Problem description ▸ Filter the records down to the lines that hold the word "blocks", and copy each of those lines.

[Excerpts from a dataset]
_ _ _ _ _

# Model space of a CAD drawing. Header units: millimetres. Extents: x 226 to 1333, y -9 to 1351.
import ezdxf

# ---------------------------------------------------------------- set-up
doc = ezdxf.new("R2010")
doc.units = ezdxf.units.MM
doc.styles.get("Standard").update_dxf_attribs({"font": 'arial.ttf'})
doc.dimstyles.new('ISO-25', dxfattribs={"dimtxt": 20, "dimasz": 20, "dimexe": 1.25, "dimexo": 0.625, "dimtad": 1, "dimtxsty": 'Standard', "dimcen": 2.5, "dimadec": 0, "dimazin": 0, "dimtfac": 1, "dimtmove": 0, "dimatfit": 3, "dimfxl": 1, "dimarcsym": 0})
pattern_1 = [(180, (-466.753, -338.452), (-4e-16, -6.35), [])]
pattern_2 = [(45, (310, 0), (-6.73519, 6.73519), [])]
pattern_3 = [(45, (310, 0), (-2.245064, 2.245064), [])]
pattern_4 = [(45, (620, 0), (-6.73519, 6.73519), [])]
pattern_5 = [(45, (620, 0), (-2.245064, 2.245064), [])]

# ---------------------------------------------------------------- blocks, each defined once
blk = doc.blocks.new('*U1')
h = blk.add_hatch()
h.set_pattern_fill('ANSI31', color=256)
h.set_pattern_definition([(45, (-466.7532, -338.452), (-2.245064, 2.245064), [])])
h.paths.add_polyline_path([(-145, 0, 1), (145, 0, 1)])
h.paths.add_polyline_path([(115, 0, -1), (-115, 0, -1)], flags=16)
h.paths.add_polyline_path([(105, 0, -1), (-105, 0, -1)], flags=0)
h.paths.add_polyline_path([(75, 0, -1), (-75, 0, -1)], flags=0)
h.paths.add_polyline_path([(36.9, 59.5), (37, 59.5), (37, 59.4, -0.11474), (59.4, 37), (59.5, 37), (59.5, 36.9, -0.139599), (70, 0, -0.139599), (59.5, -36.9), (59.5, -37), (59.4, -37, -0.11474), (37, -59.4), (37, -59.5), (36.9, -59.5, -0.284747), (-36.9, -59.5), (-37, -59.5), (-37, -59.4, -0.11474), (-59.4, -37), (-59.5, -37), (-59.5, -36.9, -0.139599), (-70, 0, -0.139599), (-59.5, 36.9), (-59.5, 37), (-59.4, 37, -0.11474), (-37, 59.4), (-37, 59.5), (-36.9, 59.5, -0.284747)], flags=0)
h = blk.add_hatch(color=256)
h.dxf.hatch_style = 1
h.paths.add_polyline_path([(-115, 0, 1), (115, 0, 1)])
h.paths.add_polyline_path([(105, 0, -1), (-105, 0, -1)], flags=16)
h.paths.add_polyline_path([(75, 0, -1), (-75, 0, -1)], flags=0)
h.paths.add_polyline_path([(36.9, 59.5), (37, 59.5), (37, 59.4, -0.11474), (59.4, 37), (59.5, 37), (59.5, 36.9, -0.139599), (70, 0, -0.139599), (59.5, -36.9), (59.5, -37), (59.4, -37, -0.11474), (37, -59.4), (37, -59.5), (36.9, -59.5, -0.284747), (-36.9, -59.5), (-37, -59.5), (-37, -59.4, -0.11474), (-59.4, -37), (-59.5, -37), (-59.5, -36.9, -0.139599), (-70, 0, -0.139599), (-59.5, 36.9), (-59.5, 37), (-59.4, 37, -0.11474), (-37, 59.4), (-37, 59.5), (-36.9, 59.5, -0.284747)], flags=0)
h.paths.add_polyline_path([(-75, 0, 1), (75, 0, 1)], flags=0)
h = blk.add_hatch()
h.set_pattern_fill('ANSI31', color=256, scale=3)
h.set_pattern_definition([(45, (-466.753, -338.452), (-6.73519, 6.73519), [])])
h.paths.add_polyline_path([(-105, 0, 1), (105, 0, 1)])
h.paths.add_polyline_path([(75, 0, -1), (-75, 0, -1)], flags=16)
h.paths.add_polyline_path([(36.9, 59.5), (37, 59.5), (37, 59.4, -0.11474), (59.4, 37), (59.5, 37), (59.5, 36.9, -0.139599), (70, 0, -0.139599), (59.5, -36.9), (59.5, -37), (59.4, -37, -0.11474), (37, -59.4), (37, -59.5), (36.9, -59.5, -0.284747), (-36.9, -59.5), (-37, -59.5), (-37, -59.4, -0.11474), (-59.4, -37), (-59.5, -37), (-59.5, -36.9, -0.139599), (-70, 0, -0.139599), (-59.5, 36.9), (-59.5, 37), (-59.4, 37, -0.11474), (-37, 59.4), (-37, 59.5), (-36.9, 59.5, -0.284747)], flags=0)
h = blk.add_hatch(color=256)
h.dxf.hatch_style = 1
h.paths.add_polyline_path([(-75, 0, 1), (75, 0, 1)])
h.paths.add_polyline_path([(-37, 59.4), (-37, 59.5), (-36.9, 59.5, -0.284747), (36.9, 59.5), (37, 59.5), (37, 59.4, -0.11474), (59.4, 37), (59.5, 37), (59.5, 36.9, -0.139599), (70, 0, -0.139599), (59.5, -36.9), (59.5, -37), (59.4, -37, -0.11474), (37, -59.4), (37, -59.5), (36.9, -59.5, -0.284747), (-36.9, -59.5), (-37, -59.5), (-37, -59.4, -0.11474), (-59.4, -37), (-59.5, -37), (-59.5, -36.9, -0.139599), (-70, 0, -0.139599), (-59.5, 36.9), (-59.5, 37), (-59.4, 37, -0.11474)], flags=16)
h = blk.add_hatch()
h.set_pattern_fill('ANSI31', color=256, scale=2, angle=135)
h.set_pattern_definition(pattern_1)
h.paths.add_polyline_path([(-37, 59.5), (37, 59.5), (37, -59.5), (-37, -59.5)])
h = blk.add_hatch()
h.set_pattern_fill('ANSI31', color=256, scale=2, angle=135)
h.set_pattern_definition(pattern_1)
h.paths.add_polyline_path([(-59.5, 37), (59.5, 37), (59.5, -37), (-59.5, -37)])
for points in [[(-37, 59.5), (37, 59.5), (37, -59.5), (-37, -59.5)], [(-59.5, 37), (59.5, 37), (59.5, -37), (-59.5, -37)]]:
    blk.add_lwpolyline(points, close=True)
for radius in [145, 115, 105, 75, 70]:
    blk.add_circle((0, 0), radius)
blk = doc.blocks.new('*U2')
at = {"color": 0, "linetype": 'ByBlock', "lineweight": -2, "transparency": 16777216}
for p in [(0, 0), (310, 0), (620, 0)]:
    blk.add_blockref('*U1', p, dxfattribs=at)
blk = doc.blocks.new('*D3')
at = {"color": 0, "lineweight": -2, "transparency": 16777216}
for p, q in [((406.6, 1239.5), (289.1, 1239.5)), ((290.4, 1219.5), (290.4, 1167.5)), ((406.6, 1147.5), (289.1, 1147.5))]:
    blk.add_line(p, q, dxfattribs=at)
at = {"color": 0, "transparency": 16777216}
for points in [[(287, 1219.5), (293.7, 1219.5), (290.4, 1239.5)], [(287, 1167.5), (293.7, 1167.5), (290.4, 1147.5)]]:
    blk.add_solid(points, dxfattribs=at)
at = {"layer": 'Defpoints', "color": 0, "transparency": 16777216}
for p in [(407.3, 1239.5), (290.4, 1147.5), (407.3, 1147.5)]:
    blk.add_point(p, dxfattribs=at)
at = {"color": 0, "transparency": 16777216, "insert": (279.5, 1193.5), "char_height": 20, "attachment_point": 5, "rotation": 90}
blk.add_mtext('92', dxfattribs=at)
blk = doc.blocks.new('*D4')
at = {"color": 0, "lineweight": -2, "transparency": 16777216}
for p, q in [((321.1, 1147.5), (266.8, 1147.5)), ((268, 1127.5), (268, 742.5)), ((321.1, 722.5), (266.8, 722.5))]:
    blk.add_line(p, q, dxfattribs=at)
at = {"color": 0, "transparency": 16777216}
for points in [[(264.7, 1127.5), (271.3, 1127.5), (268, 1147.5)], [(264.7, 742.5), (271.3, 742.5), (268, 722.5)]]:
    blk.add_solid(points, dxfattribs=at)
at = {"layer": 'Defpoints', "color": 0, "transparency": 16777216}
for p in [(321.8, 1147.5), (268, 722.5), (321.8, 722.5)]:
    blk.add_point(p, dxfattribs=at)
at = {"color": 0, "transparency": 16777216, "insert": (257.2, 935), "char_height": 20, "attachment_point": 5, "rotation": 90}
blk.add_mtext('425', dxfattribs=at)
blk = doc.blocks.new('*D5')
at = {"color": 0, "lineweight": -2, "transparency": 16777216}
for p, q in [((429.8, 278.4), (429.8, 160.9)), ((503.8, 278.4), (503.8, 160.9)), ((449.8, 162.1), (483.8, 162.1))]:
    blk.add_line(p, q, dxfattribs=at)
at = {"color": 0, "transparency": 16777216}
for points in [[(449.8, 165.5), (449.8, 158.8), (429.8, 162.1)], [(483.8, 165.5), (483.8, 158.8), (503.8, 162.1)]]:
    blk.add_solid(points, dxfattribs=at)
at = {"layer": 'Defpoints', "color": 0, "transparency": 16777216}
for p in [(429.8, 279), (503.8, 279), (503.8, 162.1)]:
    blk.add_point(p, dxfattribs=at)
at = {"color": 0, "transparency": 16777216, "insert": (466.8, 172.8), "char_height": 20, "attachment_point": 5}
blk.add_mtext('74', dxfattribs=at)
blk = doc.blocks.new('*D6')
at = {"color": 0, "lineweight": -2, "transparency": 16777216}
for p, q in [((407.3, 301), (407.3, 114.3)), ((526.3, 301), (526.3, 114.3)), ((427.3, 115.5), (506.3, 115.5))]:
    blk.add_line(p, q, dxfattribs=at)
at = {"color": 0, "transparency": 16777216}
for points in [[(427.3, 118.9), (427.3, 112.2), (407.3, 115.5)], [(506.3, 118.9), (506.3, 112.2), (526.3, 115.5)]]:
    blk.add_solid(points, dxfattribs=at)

_ _ _ _ _

Answer below ▸
# ---------------------------------------------------------------- blocks, each defined once
blk = doc.blocks.new('*U1')
blk = doc.blocks.new('*U2')
blk = doc.blocks.new('*D3')
blk = doc.blocks.new('*D4')
blk = doc.blocks.new('*D5')
blk = doc.blocks.new('*D6')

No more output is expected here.